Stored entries
┄┄┄┄┄┄┄┄┄┄
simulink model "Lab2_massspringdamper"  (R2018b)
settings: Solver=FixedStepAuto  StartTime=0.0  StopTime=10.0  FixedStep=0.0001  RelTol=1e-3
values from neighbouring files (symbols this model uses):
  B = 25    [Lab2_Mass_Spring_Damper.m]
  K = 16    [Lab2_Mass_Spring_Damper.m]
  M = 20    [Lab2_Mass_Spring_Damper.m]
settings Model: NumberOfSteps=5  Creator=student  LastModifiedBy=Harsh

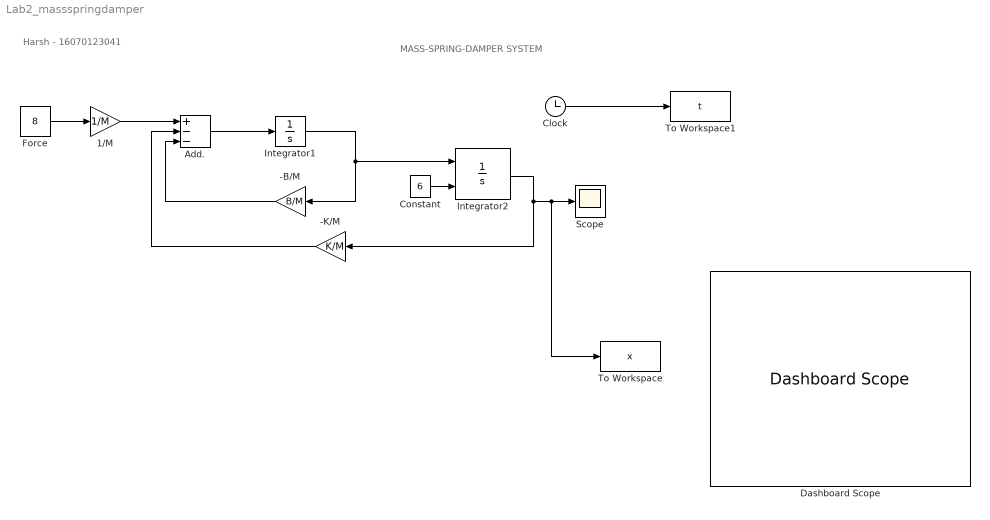
== system Lab2_massspringdamper ==
  note: Harsh - 16070123041
  note: MASS-SPRING-DAMPER SYSTEM
  -B/M : Gain  Gain=B/M
  -K/M : Gain  Gain=K/M
  1/M : Gain  Gain=1/M
  Add. : Sum  Inputs=+--
  Clock : Clock
  Constant : Constant  Value=6
  Dashboard Scope : DashboardScope  WebBlockId=52
  Force : Constant  Value=8
  Integrator1 : Integrator
  Integrator2 : Integrator  InitialConditionSource=external  InitialCondition=5
  Scope : Scope
  To Workspace : ToWorkspace  VariableName=x  SampleTime=-1
  To Workspace1 : ToWorkspace  VariableName=t  SampleTime=-1
  wires:
  Integrator1/1 -> -B/M/1, Integrator2/1
  Add./1 -> Integrator1/1
  Clock/1 -> To Workspace1/1
  Constant/1 -> Integrator2/2
  Force/1 -> 1/M/1
  Integrator2/1 -> -K/M/1, To Workspace/1, Scope/1
  1/M/1 -> Add./1
  -B/M/1 -> Add./3
  -K/M/1 -> Add./2
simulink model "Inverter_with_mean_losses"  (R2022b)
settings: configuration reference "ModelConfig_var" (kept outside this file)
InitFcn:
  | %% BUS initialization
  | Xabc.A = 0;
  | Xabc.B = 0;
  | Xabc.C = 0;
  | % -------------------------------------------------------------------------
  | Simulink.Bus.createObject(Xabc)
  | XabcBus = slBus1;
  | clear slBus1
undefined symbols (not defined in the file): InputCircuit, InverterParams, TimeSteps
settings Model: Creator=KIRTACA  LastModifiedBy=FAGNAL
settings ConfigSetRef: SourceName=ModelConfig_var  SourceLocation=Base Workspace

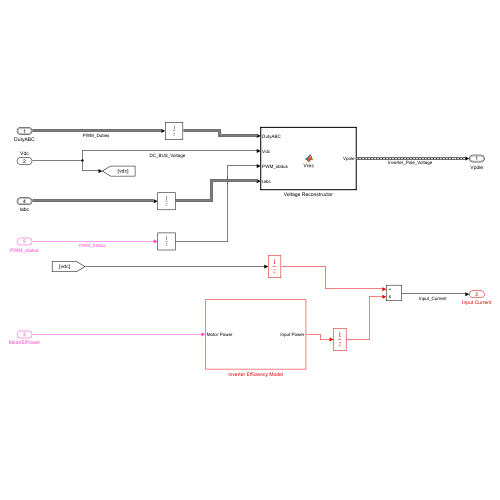
[thumbnail: Simulink's stored preview of the top-level diagram]
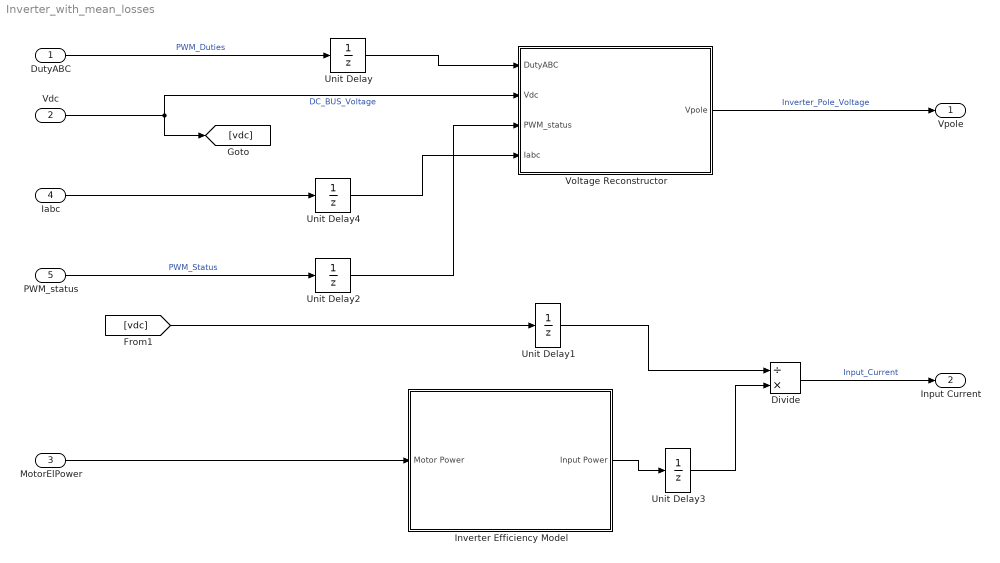
== system Inverter_with_mean_losses ==
  DutyABC : Inport  OutDataTypeStr=Bus: XabcBus
  Vdc : Inport  Port=2
  MotorElPower : Inport  Port=3
  Iabc : Inport  Port=4  OutDataTypeStr=Bus: XabcBus
  PWM_status : Inport  Port=5
  Divide : Product  Inputs=/*
  Inverter Efficiency Model : Subsystem
  Unit Delay{,2..4} (4 alike) : UnitDelay  SampleTime=-1  HasFrameUpgradeWarning=on
  Unit Delay1 : UnitDelay  InitialCondition=InputCircuit.Vdc_i  SampleTime=-1  HasFrameUpgradeWarning=on
  Voltage Reconstructor : MATLAB Function  TreatAsAtomicUnit=on  mask{Vce=InverterParams.Vce, Vfd=InverterParams.Vfd, RonT=InverterParams.RonT, RonD=InverterParams.RonD, Rshunt=InverterParams.Rshunt, tdt=InverterParams.tdt, tau=InverterParams.tau, tsw=TimeSteps.ModelStep}
      mask prompts: Vce "Vce IGBT[V]"; Vfd "Vfd Diode [V]"; RonT "RonT IGBT [Ohm]"; RonD "RonD  Diode[Ohm]"; Rshunt "Rshunt [Ohm]"; tdt "Deadtime [s]"; tau "Tau [s]"; tsw "Pwm Time [s]"
  "Vpole " : Outport  OutDataTypeStr=Bus: XabcBus  VectorParamsAs1DForOutWhenUnconnected=off
  Input Current : Outport  Port=2  VectorParamsAs1DForOutWhenUnconnected=off
  wires:
  Inverter Efficiency Model/1(Input Power) -> Unit Delay3/1
  Unit Delay3/1 -> Divide/2
  Unit Delay1/1 -> Divide/1
  [vdc] -> Unit Delay1/1
  DutyABC/1 -> Unit Delay/1  "PWM_Duties"
  Vdc/1 -> Voltage Reconstructor/2(Vdc), [vdc]  "DC_BUS_Voltage"
  MotorElPower/1 -> Inverter Efficiency Model/1(Motor Power)
  Divide/1 -> Input Current/1  "Input_Current"
  Voltage Reconstructor/1(Vpole) -> "Vpole "/1  "Inverter_Pole_Voltage"
  Iabc/1 -> Unit Delay4/1
  PWM_status/1 -> Unit Delay2/1  "PWM_Status"
  Unit Delay/1 -> Voltage Reconstructor/1(DutyABC)
  Unit Delay2/1 -> Voltage Reconstructor/3(PWM_status)
  Unit Delay4/1 -> Voltage Reconstructor/4(Iabc)

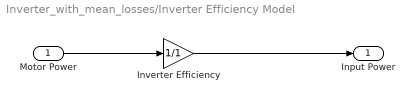
== system Inverter_with_mean_losses/Inverter Efficiency Model ==
  Motor Power : Inport
  Inverter Efficiency : Gain  Gain=1/1
  Input Power : Outport  VectorParamsAs1DForOutWhenUnconnected=off
  wires:
  Motor Power/1 -> Inverter Efficiency/1
  Inverter Efficiency/1 -> Input Power/1

== matlab function Inverter_with_mean_losses/Voltage Reconstructor ==
  data: DutyABC input Bus: XabcBus size=1; Vpole output Bus: XabcBus size=1; Vdc input; PWM_status input; Iabc input; Vce parameter; Vfd parameter; RonT parameter; Rshunt parameter; tdt parameter; tau parameter; tsw parameter; RonD parameter
function Vpole   = Vrec(DutyABC, Vdc, PWM_status, Iabc, Vce, Vfd, RonT, Rshunt, tdt, tau, tsw, RonD)

sigm = @(x) (1-exp(-x/tau));

if (PWM_status == 1)
    
    Da = DutyABC.A;
    Db = DutyABC.B;
    Dc = DutyABC.C;
    
    Vpole_v = zeros(1,3);
    Iin = zeros(1,3);
    DutyABC_v = zeros(1,3);
    
    Iin(1) = Iabc.A;
    Iin(2) = Iabc.B;
    Iin(3) = Iabc.C;
    
    DutyABC_v(1) = Da;
    DutyABC_v(2) = Db;
    DutyABC_v(3) = Dc;

    for i=1:3

        I = abs(Iin(i));

        if Iin(i)>=0
            D = DutyABC_v(i) - tdt/tsw * sigm(I);
            Vpole_v(i) = D *Vdc - D*(Vce+RonT*I)-(1-D)*(Vfd+(RonD+Rshunt)*I);
        else
            D = DutyABC_v(i) + tdt/tsw * sigm(I);
            Vpole_v(i) = D *Vdc+ D*(Vfd+RonD*I)+(1-D)*(Vce+(RonT+Rshunt)*I);

        end
    end    
    Vpole.A = Vpole_v(1);
    Vpole.B = Vpole_v(2);
    Vpole.C = Vpole_v(3);
else
    Da = 0.5;
    Db = 0.5;
    Dc = 0.5;

    Vpole.A = Vdc * Da;
    Vpole.B = Vdc * Db;
    Vpole.C = Vdc * Dc;
end
┄┄┄┄┄┄┄┄┄┄
* **YOUR GOAL**
The answer should be a single number: how many lines of the entries hold "InputCircuit".

* **REPLY TO THE EXERCISE**
2